Lastly, even if what you say is all true, and it is for the most part, that doesn't refute what I said. You're like those Gospel critics that think varrying emphasis implies inconsistency. If you've studied your logic, you'd note that what you said is consistent with what I've said. That is, both could be true. You're supposed to be trying to rebut my arguments here.

Paul anthropomorphises death as an analogous literary device - do you believe there is an actual "person" death? Like Peirs Anthony's Incarnations of Immortality? Death rides an actual pale horse?

John is the one who talks about those things, not Paul. Paul was talking about a physical resurrection, and hence a physical death, in 1 Corinthians 15. I also mentioned James too. He was speaking of literal death too. So, in responding to my comments you ignore Paul and James and pick on John, who I never mentioned.

Death is a condition, a circumstance - necessary in this fallen Creation, intrinsic to working out God's plan, but unnecessary in the Kingdom.

If it is a necessary then what of Elijah?

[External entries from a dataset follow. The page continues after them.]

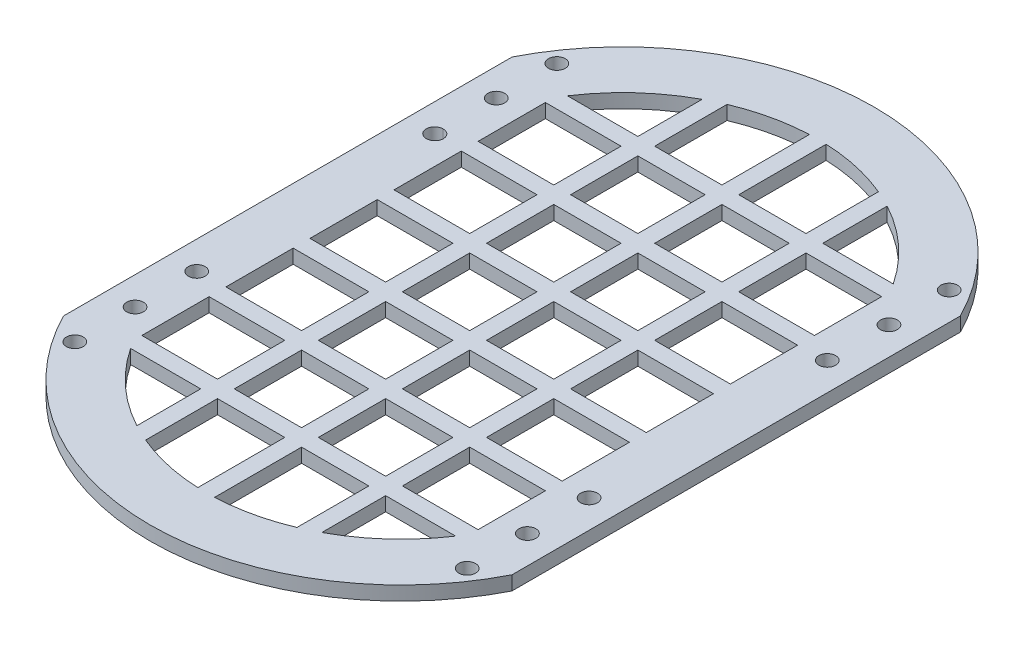
from build123d import *

# Parameters (mm, degrees)
BOSS_EXTRUDE1_DEPTH = 5
SKETCH4_W           = 27
SKETCH4_H           = 24
SKETCH4_W_2         = 24
CUT_EXTRUDE1_DEPTH  = 6
SKETCH5_R           = 3
CUT_EXTRUDE2_DEPTH  = 44
SKETCH6_R           = 3
CUT_EXTRUDE3_DEPTH  = 70
SKETCH7_R           = 3
CUT_EXTRUDE4_DEPTH  = 95


with BuildPart() as part:
    # Sketch1 → Boss-Extrude1 (new body)
    with BuildSketch(Plane(origin=(0, 0, 0), x_dir=(1, 0, 0), z_dir=(0, 1, 0))):
        with BuildLine():
            Line((0, 0), (0, 160))
            ThreePointArc((0, 160), (80, 209.178296965), (160, 160))
            Line((160, 160), (160, 0))
            ThreePointArc((160, 0), (80, -49.178296965), (0, 0))
        make_face()
    extrude(amount=BOSS_EXTRUDE1_DEPTH)

    # Sketch4 → Cut-Extrude1 (cut)
    with BuildSketch(Plane(origin=(0, 5, 0), x_dir=(1, 0, 0), z_dir=(0, 1, 0))):
        with BuildLine():
            Line((21.873652217, 157.907743676), (47, 157.907743676))
            Line((47, 157.907743676), (47, 180.865592736))
            ThreePointArc((47, 180.865592736), (33.013102641, 170.944870409), (21.873652217, 157.907743676))
        make_face()
        with BuildLine():
            Line((53, 157.907743676), (77, 157.907743676))
            Line((77, 157.907743676), (77, 189.11366611))
            ThreePointArc((77, 189.11366611), (64.76062681, 187.490880041), (53, 183.732775763))
            Line((53, 183.732775763), (53, 157.907743676))
        make_face()
        with BuildLine():
            Line((83, 157.907743676), (107, 157.907743676))
            Line((107, 157.907743676), (107, 183.732775763))
            ThreePointArc((107, 183.732775763), (95.23937319, 187.490880041), (83, 189.11366611))
            Line((83, 189.11366611), (83, 157.907743676))
        make_face()
        with BuildLine():
            Line((113, 157.907743676), (138.126347783, 157.907743676))
            ThreePointArc((138.126347783, 157.907743676), (126.986897359, 170.944870409), (113, 180.865592736))
            Line((113, 180.865592736), (113, 157.907743676))
        make_face()
        with Locations((126.5, 139.907743676)):
            Rectangle(SKETCH4_W, SKETCH4_H)
        with Locations((95, 139.907743676)):
            Rectangle(SKETCH4_W_2, SKETCH4_H)
        with Locations((65, 139.907743676)):
            Rectangle(SKETCH4_W_2, SKETCH4_H)
        with Locations((33.5, 139.907743676)):
            Rectangle(SKETCH4_W, SKETCH4_H)
        with Locations((33.5, 109.907743676)):
            Rectangle(SKETCH4_W, SKETCH4_H)
        with Locations((65, 109.907743676)):
            Rectangle(SKETCH4_W_2, SKETCH4_H)
        with Locations((95, 109.907743676)):
            Rectangle(SKETCH4_W_2, SKETCH4_H)
        with Locations((126.5, 109.907743676)):
            Rectangle(SKETCH4_W, SKETCH4_H)
        with Locations((126.5, 79.907743676)):
            Rectangle(SKETCH4_W, SKETCH4_H)
        with Locations((95, 79.907743676)):
            Rectangle(SKETCH4_W_2, SKETCH4_H)
        with Locations((65, 79.907743676)):
            Rectangle(SKETCH4_W_2, SKETCH4_H)
        with Locations((33.5, 79.907743676)):
            Rectangle(SKETCH4_W, SKETCH4_H)
        with Locations((33.5, 49.907743676)):
            Rectangle(SKETCH4_W, SKETCH4_H)
        with Locations((65, 49.907743676)):
            Rectangle(SKETCH4_W_2, SKETCH4_H)
        with Locations((95, 49.907743676)):
            Rectangle(SKETCH4_W_2, SKETCH4_H)
        with Locations((126.5, 49.907743676)):
            Rectangle(SKETCH4_W, SKETCH4_H)
        with Locations((126.5, 19.907743676)):
            Rectangle(SKETCH4_W, SKETCH4_H)
        with Locations((95, 19.907743676)):
            Rectangle(SKETCH4_W_2, SKETCH4_H)
        with Locations((65, 19.907743676)):
            Rectangle(SKETCH4_W_2, SKETCH4_H)
        with Locations((33.5, 19.907743676)):
            Rectangle(SKETCH4_W, SKETCH4_H)
        with BuildLine():
            Line((47, -20.865592736), (47, 1.907743676))
            Line((47, 1.907743676), (21.995929992, 1.907743676))
            ThreePointArc((21.995929992, 1.907743676), (33.09486806, -11.019460066), (47, -20.865592736))
        make_face()
        with BuildLine():
            Line((77, -29.11366611), (77, 1.907743676))
            Line((77, 1.907743676), (53, 1.907743676))
            Line((53, 1.907743676), (53, -23.732775763))
            ThreePointArc((53, -23.732775763), (64.76062681, -27.490880041), (77, -29.11366611))
        make_face()
        with BuildLine():
            Line((107, -23.732775763), (107, 1.907743676))
            Line((107, 1.907743676), (83, 1.907743676))
            Line((83, 1.907743676), (83, -29.11366611))
            ThreePointArc((83, -29.11366611), (95.23937319, -27.490880041), (107, -23.732775763))
        make_face()
        with BuildLine():
            ThreePointArc((113, -20.865592736), (126.90513194, -11.019460066), (138.004070008, 1.907743676))
            Line((138.004070008, 1.907743676), (113, 1.907743676))
            Line((113, 1.907743676), (113, -20.865592736))
        make_face()
    extrude(amount=-CUT_EXTRUDE1_DEPTH, mode=Mode.SUBTRACT)

    # Sketch5 → Cut-Extrude2 (cut)
    with BuildSketch(Plane(origin=(0, 5, 0), x_dir=(1, 0, 0), z_dir=(0, 1, 0))):
        with Locations(Location((10, 37.5, 0), (0, 0, 270))):
            Circle(SKETCH5_R)
        with Locations(Location((150, 37.5, 0), (0, 0, 270))):
            Circle(SKETCH5_R)
        with Locations(Location((150, 122.5, 0), (0, 0, 270))):
            Circle(SKETCH5_R)
        with Locations(Location((10, 122.5, 0), (0, 0, 270))):
            Circle(SKETCH5_R)
    extrude(amount=-CUT_EXTRUDE2_DEPTH, mode=Mode.SUBTRACT)

    # Sketch6 → Cut-Extrude3 (cut)
    with BuildSketch(Plane(origin=(0, 5, 0), x_dir=(1, 0, 0), z_dir=(0, 1, 0))):
        with Locations(Location((9.88568101, 144.5, 0), (0, 0, 270))):
            Circle(SKETCH6_R)
        with Locations((9.88568101, 122.5)):
            Circle(SKETCH6_R)
        with Locations(Location((10, 15.5, 0), (0, 0, 270))):
            Circle(SKETCH6_R)
        with Locations(Location((150, 144.5, 0), (0, 0, 270))):
            Circle(SKETCH6_R)
        with Locations(Location((150, 15.5, 0), (0, 0, 270))):
            Circle(SKETCH6_R)
    extrude(amount=-CUT_EXTRUDE3_DEPTH, mode=Mode.SUBTRACT)

    # Sketch7 → Cut-Extrude4 (cut)
    with BuildSketch(Plane(origin=(0, 5, 0), x_dir=(1, 0, 0), z_dir=(0, 1, 0))):
        with Locations(Location((10, 166, 0), (0, 0, 270))):
            Circle(SKETCH7_R)
        with Locations(Location((150, 166, 0), (0, 0, 270))):
            Circle(SKETCH7_R)
        with Locations(Location((150, -6, 0), (0, 0, 270))):
            Circle(SKETCH7_R)
        with Locations(Location((10, -6, 0), (0, 0, 270))):
            Circle(SKETCH7_R)
    extrude(amount=-CUT_EXTRUDE4_DEPTH, mode=Mode.SUBTRACT)


solid = part.part

He was directly taken up to heaven. What of those who are alive when the Lord returns? If you think there are exceptions to necessary things then do you think there's possibly a squared circle flaoting around somewhere out there? And again, I must point out that none of this refutes what you were supposed to be responding to.

I have not introduced a false dilemma - in fact I believe the dilemma is introduced when death must (as you are proposing) be categorized in terms of good vs evil.

Sure you have. That something can't be intrinsic and instrumental both. If you don't believe this, then you're admitting that all your arguments from instrument don't rebut my position. And, secondly, that something can't be an evil as well as a just punishment. Make no mistake, you are drawing false dichotomies. Not admitting it doesn't change the facts.

Dying does not negate foreverness - it is a transition point. A consequence for Man to experience a "natural" component of this Creation as a result of sin.

You just made my point. The only reason it doesn't negate foreverness is because God brings us back to life! Death is unnatural. Scott B. Rae comments on the poorly stated euphemism, Euthenasia - the "good" death - that it may be a "...contradiction in terms. Death is the ultimate indignity, coming as a result of sin and the fall of man. The late protestant ethicist Paul Ramsey suggested that death is something wholly alien to humankind, imposed on man as a consequence of sin. He thus rejected any concept of death that is considered natural and part of the normal cycle of life. Since man in Christ is destined for eternal life, Ramsey argued, death is an indignity, inconsistent with man's eternal destiny in Christ."

Consequences can be intrinsic evils, just like an intrinsic good can be a consequence. I'm afraid you don't know to argue for a conclusion. None of your points get you to where you want to go. Living with God forever is an intrinsic good. That is a consequence of our trusting in the life and death of Jesus Christ, though!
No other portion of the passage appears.